Par la Rédaction
Le gouvernement mauritanien durcit le ton dans sa lutte contre les stupéfiants. Réuni en conseil des ministres jeudi 27 août, l’exécutif a adopté un projet de loi destiné à durcir les sanctions applicables au trafic et à la consommation de drogue. Cette décision intervient alors que les services de sécurité ont procédé à plusieurs saisies importantes ces dernières semaines à travers le pays.
Sur le terrain, l’inquiétude est palpable, notamment dans certains quartiers périphériques de Nouakchott où les habitants dénoncent une dégradation du climat social. À Dar El Bewa, un résident du quartier, Yate Ould Maouloud, témoigne d’une aggravation nette de la situation ces derniers mois :
Le quartier était jusqu’ici épargné par ce type de problème, mais des agressions quasi quotidiennes sont désormais commises par de jeunes consommateurs de stupéfiants originaires du secteur, certains ayant recours à une substance localement appelée « adross ». J’appelle les autorités à intervenir et invite l’ensemble de la population à se mobiliser pour endiguer ce phénomène.
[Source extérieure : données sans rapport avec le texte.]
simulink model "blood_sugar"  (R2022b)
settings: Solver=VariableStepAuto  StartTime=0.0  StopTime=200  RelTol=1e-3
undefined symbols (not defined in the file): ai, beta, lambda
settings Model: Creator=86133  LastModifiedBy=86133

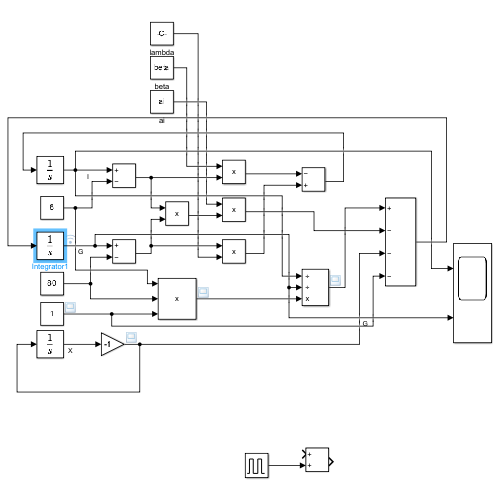
[thumbnail: Simulink's stored preview of the top-level diagram]
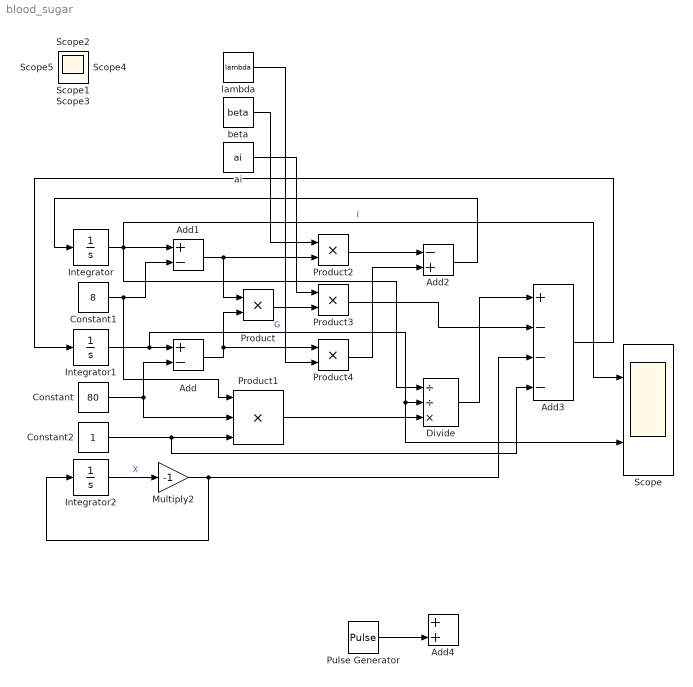
== system blood_sugar ==
  Add : Sum  Inputs=+-
  Add1 : Sum  Inputs=+-
  Add2 : Sum  Inputs=-+
  Add3 : Sum  Inputs=+---
  Add4 : Sum
  Constant : Constant  Value=80
  Constant1 : Constant  Value=8
  Constant2 : Constant
  Divide : Product  Inputs=//*
  Integrator : Integrator  InitialCondition=8
  Integrator1 : Integrator  InitialCondition=80
  Integrator2 : Integrator  InitialCondition=300
  Multiply2 : Gain  Gain=-1
  Product{,2..4} (4 alike) : Product
  Product1 : Product  Inputs=3
  Pulse Generator : DiscretePulseGenerator  PulseType=Time based  Amplitude=10000  Period=6  PulseWidth=0.15
  Scope : Scope  NumInputPorts=2
  ai : Constant  Value=ai
  beta : Constant  Value=beta
  lambda : Constant  Value=lambda
  Scope{1..5} (5 alike) : Scope
  wires:
  Integrator1/1 -> Scope/2, Divide/2, Add/1  "G"
  Constant/1 -> Product1/2, Add/2
  Add/1 -> Product4/1, Product/2
  Integrator/1 -> Scope/1, Divide/1, Add1/1  "I"
  Constant1/1 -> Product1/1, Add1/2
  Add1/1 -> Product2/2, Product/1
  Product2/1 -> Add2/1
  Product4/1 -> Add2/2
  Add2/1 -> Integrator/1
  Integrator2/1 -> Multiply2/1  "X"
  Product/1 -> Product3/2
  Constant2/1 -> Add3/4, Product1/3
  Product1/1 -> Divide/3
  Divide/1 -> Add3/1
  Add3/1 -> Integrator1/1
  Multiply2/1 -> Integrator2/1, Add3/3
  Pulse Generator/1 -> Add4/2
  Product3/1 -> Add3/2
  beta/1 -> Product2/1
  ai/1 -> Product3/1
  lambda/1 -> Product4/2

Ce constat n’est pas isolé : plusieurs autres quartiers de la capitale seraient concernés par une hausse similaire de la consommation. Pour Fatimata Sow, de l’Association mauritanienne de renforcement des capacités en milieu scolaire, cette progression traduit avant tout un mal-être plus profond chez les jeunes.
« D’abord il y a le manque d’information et de sensibilisation chez les jeunes. Certains peuvent consommer la drogue juste par curiosité, sous l’influence de leurs amis, sans connaître les conséquences. Il y a aussi les difficultés sociales, le manque d’encadrement et d’activités qui permettent aux jeunes de s’épanouir. C’est pourquoi nous pensons qu’il faut agir auprès des jeunes, les sensibiliser et créer un espace où ils peuvent parler de leurs difficultés sans être jugés ».
Sur le plan légal, le nouveau texte élargit sensiblement l’arsenal à la disposition des autorités. Il cible non seulement la consommation, mais aussi la production, la culture et la transformation de substances stupéfiantes, ainsi que le démantèlement des réseaux organisés de trafic.